29 There is an inextricable relationship between the geographical landscape of the determination area and the Tjukurrpa. It is that relationship that explains how the claimants relate to the country, including prohibitions on access to areas on the basis of gender in accordance with traditional law and custom. Claimant Yvonne Ashwin refers to the relationship in this way:
The old people used to tell us stories. Old Dreamtime stories from long ago - every rock hole has a story. This is very important in our culture. Tjukurrpa stories can tell you where you can and can't go. You can't go certain places, places where men go to. If it's a men's site, we don't go there and we been told not to go the place that's mens. Women, ladies, we can't go there - we don't want to break the law through them mob.
30 The affidavits received by the State do contain some open stories, including this story related by Kado Muir, which concerns the very place at which the Court sits today.
Another 'open' story for Rirrti [Empress Springs] is about three birds. The three birds are different types of hawks, there is Kirrki, Wiiny Wiiny and Tirl Tirl. In the dreaming these birds were men. Tirl Tirl was living at a dry rockhole south of Rirrti called Mullendala. Tirl Tirl had made a deal with the tjila [water snake] who lived at the spring at Rirrti so that when he goes out hunting he would come out and scare the marlu [kangaroos] back to Rirrti - to the water, and the tjila would kill the animal and they would share the meal.

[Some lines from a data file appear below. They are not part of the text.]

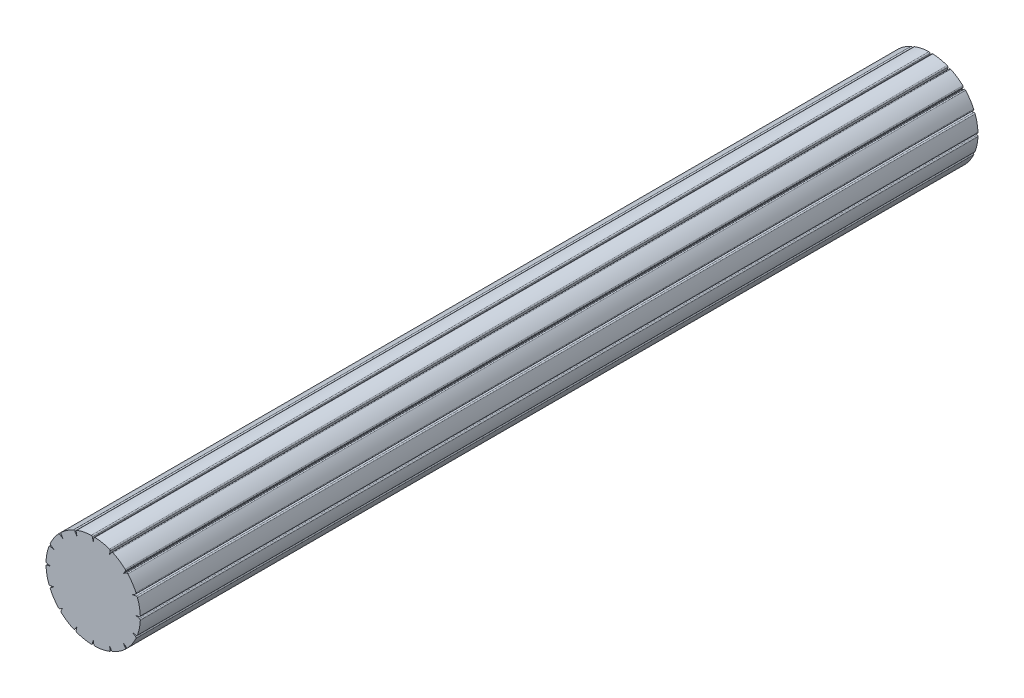
from build123d import *

# Parameters (mm, degrees)
CROQUIS2_R              = 4
CROQUIS2_R_2            = 2.05
SALIENTE_EXTRUIR1_DEPTH = 4
CROQUIS3_R              = 4
SALIENTE_EXTRUIR4_DEPTH = 65
CROQUIS4_R              = 4
SALIENTE_EXTRUIR5_DEPTH = 2
REDONDEO1_R             = 0.1
REDONDEO2_R             = 0.2
CORTAR_EXTRUIR1_REACH   = 73.225
REDONDEO3_R             = 0.1
MATRIZC14_DEPTH         = 71
CHAFL_N1_SIZE           = 0.5


# Read off the part's stored shape, not the designer's step: MatrizC14
with BuildPart() as part:
    # Croquis2 → Saliente-Extruir1 (new body)
    with BuildSketch(Plane.XY):
        Circle(CROQUIS2_R)
        Circle(CROQUIS2_R_2, mode=Mode.SUBTRACT)
    extrude(amount=SALIENTE_EXTRUIR1_DEPTH)

    # Croquis3 → Saliente-Extruir4 (add)
    with BuildSketch(Plane.XY.offset(4)):
        Circle(CROQUIS3_R)
        with BuildLine():
            Line((-0.125, 3.797943522), (-0.125, 2.297943522))
            Line((-0.125, 2.297943522), (0.125, 2.297943522))
            Line((0.125, 2.297943522), (0.125, 3.797943522))
            ThreePointArc((0.125, 3.797943522), (0.741343224, 3.726984066), (1.337925122, 3.556677715))
            Line((1.337925122, 3.556677715), (0.763899973, 2.170858416))
            Line((0.763899973, 2.170858416), (0.994869856, 2.075187558))
            Line((0.994869856, 2.075187558), (1.568895005, 3.461006857))
            ThreePointArc((1.568895005, 3.461006857), (2.111166885, 3.159584527), (2.597163272, 2.773939967))
            Line((2.597163272, 2.773939967), (1.5365031, 1.713279795))
            Line((1.5365031, 1.713279795), (1.713279795, 1.5365031))
            Line((1.713279795, 1.5365031), (2.773939967, 2.597163272))
            ThreePointArc((2.773939967, 2.597163272), (3.159584527, 2.111166885), (3.461006857, 1.568895005))
            Line((3.461006857, 1.568895005), (2.075187558, 0.994869856))
            Line((2.075187558, 0.994869856), (2.170858416, 0.763899973))
            Line((2.170858416, 0.763899973), (3.556677715, 1.337925122))
            ThreePointArc((3.556677715, 1.337925122), (3.726984066, 0.741343224), (3.797943522, 0.125))
            Line((3.797943522, 0.125), (2.297943522, 0.125))
            Line((2.297943522, 0.125), (2.297943522, -0.125))
            Line((2.297943522, -0.125), (3.797943522, -0.125))
            ThreePointArc((3.797943522, -0.125), (3.726984066, -0.741343224), (3.556677715, -1.337925122))
            Line((3.556677715, -1.337925122), (2.170858416, -0.763899973))
            Line((2.170858416, -0.763899973), (2.075187558, -0.994869856))
            Line((2.075187558, -0.994869856), (3.461006857, -1.568895005))
            ThreePointArc((3.461006857, -1.568895005), (3.159584527, -2.111166885), (2.773939967, -2.597163272))
            Line((2.773939967, -2.597163272), (1.713279795, -1.5365031))
            Line((1.713279795, -1.5365031), (1.5365031, -1.713279795))
            Line((1.5365031, -1.713279795), (2.597163272, -2.773939967))
            ThreePointArc((2.597163272, -2.773939967), (2.111166885, -3.159584527), (1.568895005, -3.461006857))
            Line((1.568895005, -3.461006857), (0.994869856, -2.075187558))
            Line((0.994869856, -2.075187558), (0.763899973, -2.170858416))
            Line((0.763899973, -2.170858416), (1.337925122, -3.556677715))
            ThreePointArc((1.337925122, -3.556677715), (0.741343224, -3.726984066), (0.125, -3.797943522))
            Line((0.125, -3.797943522), (0.125, -2.297943522))
            Line((0.125, -2.297943522), (-0.125, -2.297943522))
            Line((-0.125, -2.297943522), (-0.125, -3.797943522))
            ThreePointArc((-0.125, -3.797943522), (-0.741343224, -3.726984066), (-1.337925122, -3.556677715))
            Line((-1.337925122, -3.556677715), (-0.763899973, -2.170858416))
            Line((-0.763899973, -2.170858416), (-0.994869856, -2.075187558))
            Line((-0.994869856, -2.075187558), (-1.568895005, -3.461006857))
            ThreePointArc((-1.568895005, -3.461006857), (-2.111166885, -3.159584527), (-2.597163272, -2.773939967))
            Line((-2.597163272, -2.773939967), (-1.5365031, -1.713279795))
            Line((-1.5365031, -1.713279795), (-1.713279795, -1.5365031))
            Line((-1.713279795, -1.5365031), (-2.773939967, -2.597163272))
            ThreePointArc((-2.773939967, -2.597163272), (-3.159584527, -2.111166885), (-3.461006857, -1.568895005))
            Line((-3.461006857, -1.568895005), (-2.075187558, -0.994869856))
            Line((-2.075187558, -0.994869856), (-2.170858416, -0.763899973))
            Line((-2.170858416, -0.763899973), (-3.556677715, -1.337925122))
            ThreePointArc((-3.556677715, -1.337925122), (-3.726984066, -0.741343224), (-3.797943522, -0.125))
            Line((-3.797943522, -0.125), (-2.297943522, -0.125))
            Line((-2.297943522, -0.125), (-2.297943522, 0.125))
            Line((-2.297943522, 0.125), (-3.797943522, 0.125))
            ThreePointArc((-3.797943522, 0.125), (-3.726984066, 0.741343224), (-3.556677715, 1.337925122))
            Line((-3.556677715, 1.337925122), (-2.170858416, 0.763899973))
            Line((-2.170858416, 0.763899973), (-2.075187558, 0.994869856))
            Line((-2.075187558, 0.994869856), (-3.461006857, 1.568895005))
            ThreePointArc((-3.461006857, 1.568895005), (-3.159584527, 2.111166885), (-2.773939967, 2.597163272))
            Line((-2.773939967, 2.597163272), (-1.713279795, 1.5365031))
            Line((-1.713279795, 1.5365031), (-1.5365031, 1.713279795))
            Line((-1.5365031, 1.713279795), (-2.597163272, 2.773939967))
            ThreePointArc((-2.597163272, 2.773939967), (-2.111166885, 3.159584527), (-1.568895005, 3.461006857))
            Line((-1.568895005, 3.461006857), (-0.994869856, 2.075187558))
            Line((-0.994869856, 2.075187558), (-0.763899973, 2.170858416))
            Line((-0.763899973, 2.170858416), (-1.337925122, 3.556677715))
            ThreePointArc((-1.337925122, 3.556677715), (-0.741343224, 3.726984066), (-0.125, 3.797943522))
        make_face(mode=Mode.SUBTRACT)
    extrude(amount=SALIENTE_EXTRUIR4_DEPTH)

    # Croquis4 → Saliente-Extruir5 (add)
    with BuildSketch(Plane.XY.offset(69)):
        Circle(CROQUIS4_R)
    extrude(amount=SALIENTE_EXTRUIR5_DEPTH)

    # Redondeo1
    redondeo1_edges = [part.edges().sort_by_distance(p)[0] for p in [
        (-2.111166885, -3.159584527, 4),
        (-1.28188243, -2.768097208, 4),
        (-0.879384915, -2.123022987, 4),
        (-1.050912547, -2.863768066, 4),
        (-0.741343224, -3.726984066, 4),
        (-0.125, -3.047943522, 4),
        (0, -2.297943522, 4),
        (0.125, -3.047943522, 4),
        (0.741343224, -3.726984066, 4),
        (1.050912547, -2.863768066, 4),
        (0.879384915, -2.123022987, 4),
        (1.28188243, -2.768097208, 4),
        (2.111166885, -3.159584527, 4),
        (2.066833186, -2.243609881, 4),
        (1.624891448, -1.624891448, 4),
        (2.243609881, -2.066833186, 4),
        (3.159584527, -2.111166885, 4),
        (2.768097208, -1.28188243, 4),
        (2.123022987, -0.879384915, 4),
        (2.863768066, -1.050912547, 4),
        (3.726984066, -0.741343224, 4),
        (3.047943522, -0.125, 4),
        (2.297943522, 0, 4),
        (3.047943522, 0.125, 4),
        (3.726984066, 0.741343224, 4),
        (2.863768066, 1.050912547, 4),
        (2.123022987, 0.879384915, 4),
        (2.768097208, 1.28188243, 4),
        (3.159584527, 2.111166885, 4),
        (2.243609881, 2.066833186, 4),
        (1.624891448, 1.624891448, 4),
        (2.066833186, 2.243609881, 4),
        (2.111166885, 3.159584527, 4),
        (1.28188243, 2.768097208, 4),
        (0.879384915, 2.123022987, 4),
        (1.050912547, 2.863768066, 4),
        (0.741343224, 3.726984066, 4),
        (0.125, 3.047943522, 4),
        (0, 2.297943522, 4),
        (-0.125, 3.047943522, 4),
        (-0.741343224, 3.726984066, 4),
        (-1.050912547, 2.863768066, 4),
        (-0.879384915, 2.123022987, 4),
        (-1.28188243, 2.768097208, 4),
        (-2.111166885, 3.159584527, 4),
        (-2.066833186, 2.243609881, 4),
        (-1.624891448, 1.624891448, 4),
        (-2.243609881, 2.066833186, 4),
        (-3.159584527, 2.111166885, 4),
        (-2.768097208, 1.28188243, 4),
        (-2.123022987, 0.879384915, 4),
        (-2.863768066, 1.050912547, 4),
        (-3.726984066, 0.741343224, 4),
        (-3.047943522, 0.125, 4),
        (-2.297943522, 0, 4),
        (-3.047943522, -0.125, 4),
        (-3.726984066, -0.741343224, 4),
        (-2.863768066, -1.050912547, 4),
        (-2.123022987, -0.879384915, 4),
        (-2.768097208, -1.28188243, 4),
        (-2.05, 0, 4),
        (-3.159584527, -2.111166885, 4),
        (-2.243609881, -2.066833186, 4),
        (-1.624891448, -1.624891448, 4),
        (-2.066833186, -2.243609881, 4),
    ]]
    fillet(redondeo1_edges, radius=REDONDEO1_R)

    # Redondeo2
    redondeo2_edges = [part.edges().sort_by_distance(p)[0] for p in [
        (-2.111166885, -3.159584527, 69),
        (-1.28188243, -2.768097208, 69),
        (-0.879384915, -2.123022987, 69),
        (-1.050912547, -2.863768066, 69),
        (-0.741343224, -3.726984066, 69),
        (-0.125, -3.047943522, 69),
        (0, -2.297943522, 69),
        (0.125, -3.047943522, 69),
        (0.741343224, -3.726984066, 69),
        (1.050912547, -2.863768066, 69),
        (0.879384915, -2.123022987, 69),
        (1.28188243, -2.768097208, 69),
        (2.111166885, -3.159584527, 69),
        (2.066833186, -2.243609881, 69),
        (1.624891448, -1.624891448, 69),
        (2.243609881, -2.066833186, 69),
        (3.159584527, -2.111166885, 69),
        (2.768097208, -1.28188243, 69),
        (2.123022987, -0.879384915, 69),
        (2.863768066, -1.050912547, 69),
        (3.726984066, -0.741343224, 69),
        (3.047943522, -0.125, 69),
        (2.297943522, 0, 69),
        (3.047943522, 0.125, 69),
        (3.726984066, 0.741343224, 69),
        (2.863768066, 1.050912547, 69),
        (2.123022987, 0.879384915, 69),
        (2.768097208, 1.28188243, 69),
        (3.159584527, 2.111166885, 69),
        (2.243609881, 2.066833186, 69),
        (1.624891448, 1.624891448, 69),
        (2.066833186, 2.243609881, 69),
        (2.111166885, 3.159584527, 69),
        (1.28188243, 2.768097208, 69),
        (0.879384915, 2.123022987, 69),
        (1.050912547, 2.863768066, 69),
        (0.741343224, 3.726984066, 69),
        (0.125, 3.047943522, 69),
        (0, 2.297943522, 69),
        (-0.125, 3.047943522, 69),
        (-0.741343224, 3.726984066, 69),
        (-1.050912547, 2.863768066, 69),
        (-0.879384915, 2.123022987, 69),
        (-1.28188243, 2.768097208, 69),
        (-2.111166885, 3.159584527, 69),
        (-2.066833186, 2.243609881, 69),
        (-1.624891448, 1.624891448, 69),
        (-2.243609881, 2.066833186, 69),
        (-3.159584527, 2.111166885, 69),
        (-2.768097208, 1.28188243, 69),
        (-2.123022987, 0.879384915, 69),
        (-2.863768066, 1.050912547, 69),
        (-3.726984066, 0.741343224, 69),
        (-3.047943522, 0.125, 69),
        (-2.297943522, 0, 69),
        (-3.047943522, -0.125, 69),
        (-3.726984066, -0.741343224, 69),
        (-2.863768066, -1.050912547, 69),
        (-2.123022987, -0.879384915, 69),
        (-2.768097208, -1.28188243, 69),
        (-3.159584527, -2.111166885, 69),
        (-2.243609881, -2.066833186, 69),
        (-1.624891448, -1.624891448, 69),
        (-2.066833186, -2.243609881, 69),
    ]]
    fillet(redondeo2_edges, radius=REDONDEO2_R)

    # Croquis5 → Cortar-Extruir1 (cut, up to next)
    with BuildSketch(Plane.XY.offset(71), mode=Mode.PRIVATE) as cortar_extruir1_sk1:
        Polygon((-0.143881887, 4.340208142), (0, 3.6), (0.143881887, 4.340208142), align=None)
    cortar_extruir1_tool1 = extrude(cortar_extruir1_sk1.sketch, amount=-CORTAR_EXTRUIR1_REACH, mode=Mode.PRIVATE) & part.part
    add(cortar_extruir1_tool1.solids().sort_by_distance((0, 4.093472, 71))[0], mode=Mode.SUBTRACT)

    # Redondeo3
    redondeo3_edges = [part.edges().sort_by_distance(p)[0] for p in [
        (0.077605774, 3.999247097, 35.5),
        (-0.077605774, 3.999247097, 35.5),
    ]]
    fillet(redondeo3_edges, radius=REDONDEO3_R)

    # MatrizC14 outline → MatrizC14 (cut)
    with BuildSketch(Plane.XY):
        with BuildLine():
            Line((-1.55610293, 3.593847056), (-1.378664353, 3.32576661))
            Line((-1.378664353, 3.32576661), (-1.442774396, 3.640877538))
            ThreePointArc((-1.442774396, 3.640877538), (-1.432104156, 3.709546541), (-1.379263514, 3.754681366))
            ThreePointArc((-1.379263514, 3.754681366), (-1.531678316, 3.695126728), (-1.681529756, 3.629388059))
            ThreePointArc((-1.681529756, 3.629388059), (-1.612228839, 3.634865345), (-1.55610293, 3.593847056))
        make_face()
        with BuildLine():
            ThreePointArc((1.55610293, 3.593847056), (1.612228839, 3.634865345), (1.681529756, 3.629388059))
            ThreePointArc((1.681529756, 3.629388059), (1.531678316, 3.695126728), (1.379263514, 3.754681366))
            ThreePointArc((1.379263514, 3.754681366), (1.432104156, 3.709546541), (1.442774396, 3.640877538))
            Line((1.442774396, 3.640877538), (1.378664353, 3.32576661))
            Line((1.378664353, 3.32576661), (1.55610293, 3.593847056))
        make_face()
        with BuildLine():
            ThreePointArc((2.81345544, 2.724245965), (2.881015402, 2.740662371), (2.942948441, 2.709068931))
            ThreePointArc((2.942948441, 2.709068931), (2.829762733, 2.827090886), (2.71184775, 2.940388032))
            ThreePointArc((2.71184775, 2.940388032), (2.743377206, 2.878472091), (2.726955314, 2.810959041))
            Line((2.726955314, 2.810959041), (2.547439557, 2.544815986))
            Line((2.547439557, 2.544815986), (2.81345544, 2.724245965))
        make_face()
        with BuildLine():
            ThreePointArc((3.641955473, 1.439836363), (3.710659507, 1.429146563), (3.75578694, 1.376250146))
            ThreePointArc((3.75578694, 1.376250146), (3.696462073, 1.528452859), (3.630972176, 1.67810639))
            ThreePointArc((3.630972176, 1.67810639), (3.636396994, 1.608845695), (3.59539157, 1.552765148))
            Line((3.59539157, 1.552765148), (3.32839018, 1.376040783))
            Line((3.32839018, 1.376040783), (3.641955473, 1.439836363))
        make_face()
        with BuildLine():
            ThreePointArc((3.915729454, -0.063485189), (3.975112931, -0.099653217), (3.99656262, -0.165792725))
            ThreePointArc((3.99656262, -0.165792725), (3.999999108, -0.002671884), (3.996780543, 0.160453402))
            ThreePointArc((3.996780543, 0.160453402), (3.975283978, 0.094394979), (3.915941929, 0.058279349))
            Line((3.915941929, 0.058279349), (3.60262357, -0.00262357))
            Line((3.60262357, -0.00262357), (3.915729454, -0.063485189))
        make_face()
        with BuildLine():
            ThreePointArc((3.593532462, -1.556781772), (3.634553367, -1.61291691), (3.629065399, -1.682226005))
            ThreePointArc((3.629065399, -1.682226005), (3.694572765, -1.533014051), (3.753948198, -1.381257733))
            ThreePointArc((3.753948198, -1.381257733), (3.708808508, -1.434061459), (3.6401627, -1.44471876))
            Line((3.6401627, -1.44471876), (3.32839018, -1.381287924))
            Line((3.32839018, -1.381287924), (3.593532462, -1.556781772))
        make_face()
        with BuildLine():
            ThreePointArc((2.724772763, -2.812970417), (2.741190237, -2.880521261), (2.709609237, -2.942450982))
            ThreePointArc((2.709609237, -2.942450982), (2.827090849, -2.82976277), (2.939889992, -2.712387664))
            ThreePointArc((2.939889992, -2.712387664), (2.877977381, -2.743904686), (2.810473451, -2.727481729))
            Line((2.810473451, -2.727481729), (2.547439557, -2.550063127))
            Line((2.547439557, -2.550063127), (2.724772763, -2.812970417))
        make_face()
        with BuildLine():
            ThreePointArc((1.441781062, -3.641242282), (1.431104209, -3.70992313), (1.378244709, -3.755055462))
            ThreePointArc((1.378244709, -3.755055462), (1.529789009, -3.695909305), (1.678803043, -3.630650127))
            ThreePointArc((1.678803043, -3.630650127), (1.60953416, -3.636085616), (1.553444384, -3.595077572))
            Line((1.553444384, -3.595077572), (1.378664353, -3.33101375))
            Line((1.378664353, -3.33101375), (1.441781062, -3.641242282))
        make_face()
        with BuildLine():
            ThreePointArc((-0.060376474, -3.915857173), (-0.096513209, -3.975215915), (-0.1626043, -3.996693614))
            ThreePointArc((-0.1626043, -3.996693614), (0, -4), (0.1626043, -3.996693614))
            ThreePointArc((0.1626043, -3.996693614), (0.096513209, -3.975215915), (0.060376474, -3.915857173))
            Line((0.060376474, -3.915857173), (0, -3.605247141))
            Line((0, -3.605247141), (-0.060376474, -3.915857173))
        make_face()
        with BuildLine():
            ThreePointArc((-1.553444384, -3.595077572), (-1.60953416, -3.636085616), (-1.678803043, -3.630650127))
            ThreePointArc((-1.678803043, -3.630650127), (-1.529789009, -3.695909305), (-1.378244709, -3.755055462))
            ThreePointArc((-1.378244709, -3.755055462), (-1.431104209, -3.70992313), (-1.441781062, -3.641242282))
            Line((-1.441781062, -3.641242282), (-1.378664353, -3.33101375))
            Line((-1.378664353, -3.33101375), (-1.553444384, -3.595077572))
        make_face()
        with BuildLine():
            ThreePointArc((-2.810473451, -2.727481729), (-2.877977381, -2.743904686), (-2.939889992, -2.712387664))
            ThreePointArc((-2.939889992, -2.712387664), (-2.827090849, -2.82976277), (-2.709609237, -2.942450982))
            ThreePointArc((-2.709609237, -2.942450982), (-2.741190237, -2.880521261), (-2.724772763, -2.812970417))
            Line((-2.724772763, -2.812970417), (-2.547439557, -2.550063127))
            Line((-2.547439557, -2.550063127), (-2.810473451, -2.727481729))
        make_face()
        with BuildLine():
            ThreePointArc((-3.6401627, -1.44471876), (-3.708808508, -1.434061459), (-3.753948198, -1.381257733))
            ThreePointArc((-3.753948198, -1.381257733), (-3.694572765, -1.533014051), (-3.629065399, -1.682226005))
            ThreePointArc((-3.629065399, -1.682226005), (-3.634553367, -1.61291691), (-3.593532462, -1.556781772))
            Line((-3.593532462, -1.556781772), (-3.32839018, -1.381287924))
            Line((-3.32839018, -1.381287924), (-3.6401627, -1.44471876))
        make_face()
        with BuildLine():
            ThreePointArc((-3.915941929, 0.058279349), (-3.975283978, 0.094394979), (-3.996780543, 0.160453402))
            ThreePointArc((-3.996780543, 0.160453402), (-3.999999108, -0.002671884), (-3.99656262, -0.165792725))
            ThreePointArc((-3.99656262, -0.165792725), (-3.975112931, -0.099653217), (-3.915729454, -0.063485189))
            Line((-3.915729454, -0.063485189), (-3.60262357, -0.00262357))
            Line((-3.60262357, -0.00262357), (-3.915941929, 0.058279349))
        make_face()
        with BuildLine():
            ThreePointArc((-3.59539157, 1.552765148), (-3.636396994, 1.608845695), (-3.630972176, 1.67810639))
            ThreePointArc((-3.630972176, 1.67810639), (-3.696462073, 1.528452859), (-3.75578694, 1.376250146))
            ThreePointArc((-3.75578694, 1.376250146), (-3.710659507, 1.429146563), (-3.641955473, 1.439836363))
            Line((-3.641955473, 1.439836363), (-3.32839018, 1.376040783))
            Line((-3.32839018, 1.376040783), (-3.59539157, 1.552765148))
        make_face()
        with BuildLine():
            ThreePointArc((-2.726955314, 2.810959041), (-2.743377206, 2.878472091), (-2.71184775, 2.940388032))
            ThreePointArc((-2.71184775, 2.940388032), (-2.829762733, 2.827090886), (-2.942948441, 2.709068931))
            ThreePointArc((-2.942948441, 2.709068931), (-2.881015402, 2.740662371), (-2.81345544, 2.724245965))
            Line((-2.81345544, 2.724245965), (-2.547439557, 2.544815986))
            Line((-2.547439557, 2.544815986), (-2.726955314, 2.810959041))
        make_face()
    extrude(amount=MATRIZC14_DEPTH, mode=Mode.SUBTRACT)

    # Chaflán1
    chafl_n1_edges = [part.edges().sort_by_distance(p)[0] for p in [
        (-2.05, 0, 0),
    ]]
    chamfer(chafl_n1_edges, length=CHAFL_N1_SIZE)


solid = part.part

One day, the other two bird men, Kirrki and Wiiny Wiiny found Tirl Tirl living there by himself at the dry rockhole (Mullendala). They asked him 'How do you get water?' and he told them 'Me? I don't worry about water' - not telling them about his deal with the tjila [water snake] at Rirrti [Empress Spring]. The other two bird men decided to camp there at Mullendala for a while and after they spent a few days there, they notice that Tirl Tirl would walk off and then come back all nice and shiny and clean and they notice that he has some algae stuck in his hair. They say to themselves 'Gee, this fella looks pretty wet to us!' and so when he went to sleep they followed his tracks to the spring at Rirrti. Then they found the Tjila [water snake] and killed him, had a drink of the water and ran away north.
The story then becomes that Tirl Tirl chases them up and they keep having fights with each other. There is a sandhill north of Rirrti [Empress Spring] which is one of the places where they had a fight and then that story keeps going over towards Tjirrkarli [east of the claim].
31 I am satisfied that the State has acted appropriately in assessing whether there is a credible basis for the claim. In addition, the State has conducted searches of land tenure, mining and petroleum registries to determine the nature and extent of "other interests" within the proposed determination area which, as already mentioned, are properly recorded in the proposed orders.
32 I am satisfied that all of the preconditions for the making of an order under s 87 of the Act are met.
33 The parties are to be commended for the conciliatory and efficient manner in which this application for a determination of native title has progressed.
34 For all of the above reasons, the Court will now make orders in terms consistent with the parties' joint minute.
I certify that the preceding thirty-four (34) numbered paragraphs are a true copy of the Reasons for Judgment herein of the Honourable Justice Charlesworth.